По мере того как растет временное расстояние, отделяющее мертвых от нас, их черно-белые черты становятся всё более прекрасными и благородными. Я застала еще время, когда расхожая фраза «Какие удивительные лица, сейчас таких нет!» относилась только к дореволюционным фотографиям — сейчас так же говорят и про солдат Второй мировой, и про студентов шестидесятых. И все это чистая правда: сейчас таких нет. Мы не они. Они не мы. Лукавство картинки в том, что она как бы отменяет эту грозную очевидность во славу простых параллелей. У этих людей ребенок на руках — и у нас тоже так бывает. Эта девушка совсем как я, только в длинной юбке и сплющенной шляпке. Бабушка пьет из моей чашки, я ношу ее кольцо. Они тоже. Мы так же.
Но каким бы легким и убедительным (полным и исчерпывающим) ни казалось знание, которое предлагает фотохроника, — тогдашние слова, которые ее сопровождают, ставят зрителя на место.
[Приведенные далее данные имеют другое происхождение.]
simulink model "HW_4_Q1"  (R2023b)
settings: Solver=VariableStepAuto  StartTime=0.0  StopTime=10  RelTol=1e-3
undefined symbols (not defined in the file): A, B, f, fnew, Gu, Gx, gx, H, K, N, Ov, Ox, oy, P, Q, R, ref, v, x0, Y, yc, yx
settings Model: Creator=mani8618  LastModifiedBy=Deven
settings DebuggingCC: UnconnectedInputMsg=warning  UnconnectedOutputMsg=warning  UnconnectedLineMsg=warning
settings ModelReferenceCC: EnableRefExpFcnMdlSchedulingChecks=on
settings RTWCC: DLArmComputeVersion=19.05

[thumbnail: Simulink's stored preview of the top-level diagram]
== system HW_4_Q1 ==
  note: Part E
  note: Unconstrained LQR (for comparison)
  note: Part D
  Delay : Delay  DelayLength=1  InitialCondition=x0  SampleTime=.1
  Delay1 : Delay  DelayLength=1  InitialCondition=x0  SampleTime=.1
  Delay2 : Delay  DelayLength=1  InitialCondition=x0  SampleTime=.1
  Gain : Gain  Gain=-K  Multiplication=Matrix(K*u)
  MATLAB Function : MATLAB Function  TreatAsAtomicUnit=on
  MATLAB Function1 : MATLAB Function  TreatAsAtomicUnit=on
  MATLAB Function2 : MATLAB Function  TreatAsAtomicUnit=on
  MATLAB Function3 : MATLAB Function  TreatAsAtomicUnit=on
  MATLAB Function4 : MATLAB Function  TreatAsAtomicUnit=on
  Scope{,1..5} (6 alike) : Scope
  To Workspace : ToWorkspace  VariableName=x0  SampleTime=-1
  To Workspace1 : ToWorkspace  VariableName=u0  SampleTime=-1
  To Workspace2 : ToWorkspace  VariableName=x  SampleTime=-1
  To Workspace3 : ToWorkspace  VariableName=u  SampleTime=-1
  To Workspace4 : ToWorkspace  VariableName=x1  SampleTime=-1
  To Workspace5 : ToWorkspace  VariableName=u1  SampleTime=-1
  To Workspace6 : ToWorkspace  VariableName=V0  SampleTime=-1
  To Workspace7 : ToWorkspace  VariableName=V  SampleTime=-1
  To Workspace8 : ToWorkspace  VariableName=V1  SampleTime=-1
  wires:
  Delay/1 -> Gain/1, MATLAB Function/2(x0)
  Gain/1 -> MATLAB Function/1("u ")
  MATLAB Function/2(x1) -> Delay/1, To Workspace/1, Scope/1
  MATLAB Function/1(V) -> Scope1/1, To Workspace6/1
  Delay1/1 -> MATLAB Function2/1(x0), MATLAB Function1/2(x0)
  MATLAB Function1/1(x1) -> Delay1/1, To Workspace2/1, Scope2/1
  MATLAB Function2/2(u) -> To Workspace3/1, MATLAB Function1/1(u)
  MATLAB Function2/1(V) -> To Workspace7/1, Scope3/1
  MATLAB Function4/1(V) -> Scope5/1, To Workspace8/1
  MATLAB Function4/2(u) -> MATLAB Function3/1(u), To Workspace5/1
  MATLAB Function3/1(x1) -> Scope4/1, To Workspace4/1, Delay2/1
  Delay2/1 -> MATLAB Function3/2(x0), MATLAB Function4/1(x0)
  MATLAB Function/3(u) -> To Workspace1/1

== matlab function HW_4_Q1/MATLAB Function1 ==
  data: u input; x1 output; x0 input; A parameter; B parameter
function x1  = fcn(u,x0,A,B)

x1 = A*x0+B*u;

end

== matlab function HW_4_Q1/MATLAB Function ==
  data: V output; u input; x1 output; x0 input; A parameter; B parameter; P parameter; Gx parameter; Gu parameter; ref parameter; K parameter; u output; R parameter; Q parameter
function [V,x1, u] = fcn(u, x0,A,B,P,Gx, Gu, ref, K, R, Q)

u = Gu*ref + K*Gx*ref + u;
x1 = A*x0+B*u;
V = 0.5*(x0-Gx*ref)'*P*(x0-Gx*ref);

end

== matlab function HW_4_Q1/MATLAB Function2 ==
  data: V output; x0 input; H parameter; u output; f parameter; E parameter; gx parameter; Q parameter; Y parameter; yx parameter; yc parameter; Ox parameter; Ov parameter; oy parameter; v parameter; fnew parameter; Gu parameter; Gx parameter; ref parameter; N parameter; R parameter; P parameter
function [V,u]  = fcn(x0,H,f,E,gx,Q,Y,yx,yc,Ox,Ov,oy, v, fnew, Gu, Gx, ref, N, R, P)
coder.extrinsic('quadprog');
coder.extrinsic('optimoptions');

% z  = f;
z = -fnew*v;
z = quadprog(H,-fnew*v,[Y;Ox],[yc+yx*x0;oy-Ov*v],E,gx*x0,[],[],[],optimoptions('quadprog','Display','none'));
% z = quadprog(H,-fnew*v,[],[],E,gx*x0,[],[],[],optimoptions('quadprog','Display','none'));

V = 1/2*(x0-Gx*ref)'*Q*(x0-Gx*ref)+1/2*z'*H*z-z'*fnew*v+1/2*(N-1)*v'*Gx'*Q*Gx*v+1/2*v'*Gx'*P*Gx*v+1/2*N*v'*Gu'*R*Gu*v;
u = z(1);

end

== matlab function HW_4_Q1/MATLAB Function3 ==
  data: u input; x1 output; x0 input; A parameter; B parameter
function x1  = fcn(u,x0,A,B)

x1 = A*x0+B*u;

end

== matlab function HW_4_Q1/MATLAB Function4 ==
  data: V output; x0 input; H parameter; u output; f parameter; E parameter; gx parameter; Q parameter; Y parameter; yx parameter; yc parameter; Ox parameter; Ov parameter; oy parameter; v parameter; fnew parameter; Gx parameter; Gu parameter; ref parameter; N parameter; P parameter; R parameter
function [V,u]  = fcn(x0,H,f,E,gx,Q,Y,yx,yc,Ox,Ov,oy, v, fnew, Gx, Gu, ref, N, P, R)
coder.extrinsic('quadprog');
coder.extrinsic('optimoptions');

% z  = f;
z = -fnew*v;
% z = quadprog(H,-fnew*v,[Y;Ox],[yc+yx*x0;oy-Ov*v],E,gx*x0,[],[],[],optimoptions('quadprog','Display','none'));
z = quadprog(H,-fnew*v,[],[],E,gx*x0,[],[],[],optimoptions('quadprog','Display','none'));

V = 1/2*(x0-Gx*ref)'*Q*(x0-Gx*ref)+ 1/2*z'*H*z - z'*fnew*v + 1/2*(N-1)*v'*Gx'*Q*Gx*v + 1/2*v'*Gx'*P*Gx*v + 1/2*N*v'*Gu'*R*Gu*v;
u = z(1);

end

Там, где клювик пунктума указывает на точки сходства, речь, помнящая о реальной протяженности времени, остается на той стороне провала. Годы и годы назад блистательная, рыжая, восьмидесятилетняя Антонина Петровна Гербурт-Гейбович, старшая подруга моей мамы, виновато признавалась мне: «Моя свекровь утверждала, что у меня офицерский вкус — я люблю гладиолусы и шампанское!» Много позже я узнала эту интонацию в записях юной Бабановой; но то, что и голоса, и шампанское, и презираемое офицерство не имели ни малейшего отношения к миру, в котором живу я, было почему-то ясно сразу, и никакими гладиолусами было не замостить этой ямы. Антонина Петровна, впрочем, ни о какой прошлой жизни не жалела. Была она девчонка из глухого местечка, взятая замуж за красоту и дерзость, читала на восьми языках и рассказывала, смеясь, что галантный поляк-свекор говорил ей перед свадьбой курьезное: «Я счастлив, что в наш увядающий род вольется молодая еврейская кровь».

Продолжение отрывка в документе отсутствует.